Dari Abu Hurairah radhiyallahu ‘anhu ia berkata : Saya mendengar Rasulullah bersabda, “Dahulu ada dua orang dari Bani Israil yang saling bersaudara. Salah satunya suka melakukan dosa, sementara yanng lainnya rajin beribadah. Ahli ibadah itu selalu melihat yang lainnya melakukan dosa, maka ia berkata : Berhentilah! Suatu hari ia mendapatkannya sedang melakukan dosa dan ia berkata padanya : Berhentilah! Orang itu menjawab : Biarkan aku dengan Rabb-ku! Apakah engkau diutus untuk mengawasi aku?! Maka ahli ibadah itu berkata : Demi Allah, Allah tidak akan mengampunimu! – atau (perkatannya) : Allah tidak akan memasukkanmu ke dalam Surga!… Mereka  akhirnya diwafatkan dan keduanya berkumpul di sisi Rabb semesta alam. Allah berkata kepada ahli ibadah : Apakah engkau mengetahui tentang Aku ataukah engkau berkuasa atas apa yang ada di Tangan-Ku?! Dan Dia berkata kepada si pendosa : Pergilah, dan masuklah ke dalam Surga dengan rahmat-Ku. Dan Dia berkata kepada yanng lainnya : Bawalah dia ke dalam Neraka!
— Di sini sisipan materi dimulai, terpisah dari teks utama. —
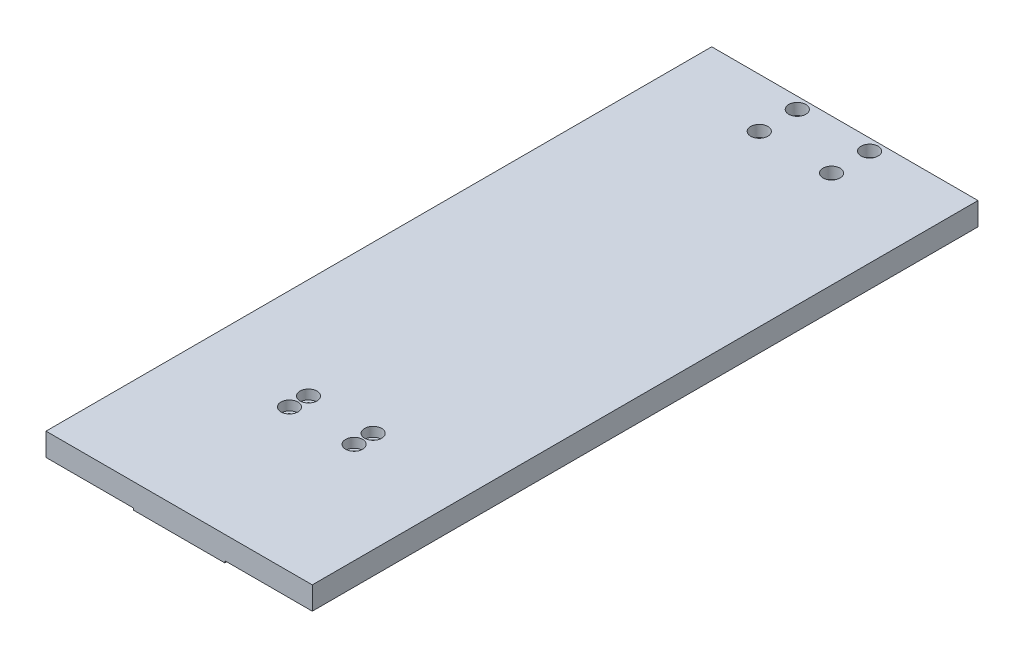
from build123d import *

# Parameters (mm, degrees)
SZKIC1_W                                             = 140
SZKIC1_H                                             = 350
DODANIE_WYCI_GNI_CIE1_DEPTH                          = 13
SZKIC2_W                                             = 46
SZKIC2_H                                             = 350
WYTNIJ_WYCI_GNI_CIE1_DEPTH                           = 1
OTW_R_GWINTOWANY_M5X0_81_D                           = 4.2
OTW_R_GWINTOWANY_M5X0_81_DEPTH                       = 35
OTW_R_GWINTOWANY_M5X0_81_TIP                         = 1.2618073
SZKIC12_W                                            = 48
SZKIC12_H                                            = 40
WYTNIJ_WYCI_GNI_CIE3_DEPTH                           = 1
POG_BIENIE_WALCOWE_POD_M5_WKR_T_DO_CZ_CI_D           = 5.5
POG_BIENIE_WALCOWE_POD_M5_WKR_T_DO_CZ_CI_CBORE_D     = 9
POG_BIENIE_WALCOWE_POD_M5_WKR_T_DO_CZ_CI_CBORE_DEPTH = 6
POG_BIENIE_WALCOWE_POD_M5_WKR_T_DO_C_2_D             = 5.5
POG_BIENIE_WALCOWE_POD_M5_WKR_T_DO_C_2_CBORE_D       = 9
POG_BIENIE_WALCOWE_POD_M5_WKR_T_DO_C_2_CBORE_DEPTH   = 5


with BuildPart() as part:
    # Szkic1 → Dodanie-wyciągnięcie1 (new body)
    with BuildSketch(Plane(origin=(0, 0, 0), x_dir=(1, 0, 0), z_dir=(0, 1, 0))):
        with Locations((70, 175)):
            Rectangle(SZKIC1_W, SZKIC1_H)
    extrude(amount=DODANIE_WYCI_GNI_CIE1_DEPTH)

    # Szkic2 → Wytnij-wyciągnięcie1 (cut)
    with BuildSketch(Plane.XZ):
        with Locations((23, -175)):
            Rectangle(SZKIC2_W, SZKIC2_H)
        with Locations((117, -175)):
            Rectangle(SZKIC2_W, SZKIC2_H)
    extrude(amount=-WYTNIJ_WYCI_GNI_CIE1_DEPTH, mode=Mode.SUBTRACT)

    # Otwór gwintowany M5x0.81
    with Locations(Plane(origin=(0, 0, -350), x_dir=(-1, 0, 0), z_dir=(0, 0, -1))):
        with Locations((-130, 7), (-105, 7), (-35, 7), (-10, 7)):
            Hole(OTW_R_GWINTOWANY_M5X0_81_D / 2, depth=OTW_R_GWINTOWANY_M5X0_81_DEPTH)
            with Locations((0, 0, -(OTW_R_GWINTOWANY_M5X0_81_DEPTH + OTW_R_GWINTOWANY_M5X0_81_TIP / 2))):  # 118° drill point
                Cone(0, OTW_R_GWINTOWANY_M5X0_81_D / 2, OTW_R_GWINTOWANY_M5X0_81_TIP, mode=Mode.SUBTRACT)

    # Szkic12 → Wytnij-wyciągnięcie3 (cut)
    with BuildSketch(Plane(origin=(0, 0, 0), x_dir=(-1, 0, 0), z_dir=(0, -1, 0))):
        with Locations((-70, 80)):
            Rectangle(SZKIC12_W, SZKIC12_H)
        with Locations((-70, 330)):
            Rectangle(SZKIC12_W, SZKIC12_H)
    extrude(amount=-WYTNIJ_WYCI_GNI_CIE3_DEPTH, mode=Mode.SUBTRACT)

    # Pog_bienie walcowe pod M5 Wkr_t do cz_ci (through all)
    with Locations(Plane(origin=(0, 13, 0), x_dir=(1, 0, 0), z_dir=(0, 1, 0))):
        with Locations((51, 344), (89, 344), (51, 324), (89, 324)):
            CounterBoreHole(POG_BIENIE_WALCOWE_POD_M5_WKR_T_DO_CZ_CI_D / 2, POG_BIENIE_WALCOWE_POD_M5_WKR_T_DO_CZ_CI_CBORE_D / 2, POG_BIENIE_WALCOWE_POD_M5_WKR_T_DO_CZ_CI_CBORE_DEPTH)

    # Pog_bienie walcowe pod M5 Wkr_t do c 2 (through all)
    with Locations(Plane(origin=(0, 13, 0), x_dir=(1, 0, 0), z_dir=(0, 1, 0))):
        with Locations((53, 85), (87, 85), (53, 75), (87, 75)):
            CounterBoreHole(POG_BIENIE_WALCOWE_POD_M5_WKR_T_DO_C_2_D / 2, POG_BIENIE_WALCOWE_POD_M5_WKR_T_DO_C_2_CBORE_D / 2, POG_BIENIE_WALCOWE_POD_M5_WKR_T_DO_C_2_CBORE_DEPTH)


solid = part.part

Berkata Abu Hurairah : “Demi jiwaku yang berada di Tangan-Nya, dia berbicara dengan satu kata yang menghancurkan dunia dan akhiratnya!” (Terjemah HR. Abu Dawud).

Kekafiran adalah lawan dari keimanan. Hanya saja, kekafiran dalam istilah Syari’at terbagi dua; jika disebutkan kata “kekafiran” dalam dalil-dalil maka terkadang yang dimaksudkan adalah kekafiran yang mengeluarkan dari millah (agama), dan terkadang dimaksudkan kekafiran yang tidak mengeluarkan dari millah. Yang demikian itu karena kekafiran memiliki cabang-cabang sebagaimana keimanan juga memiliki cabang.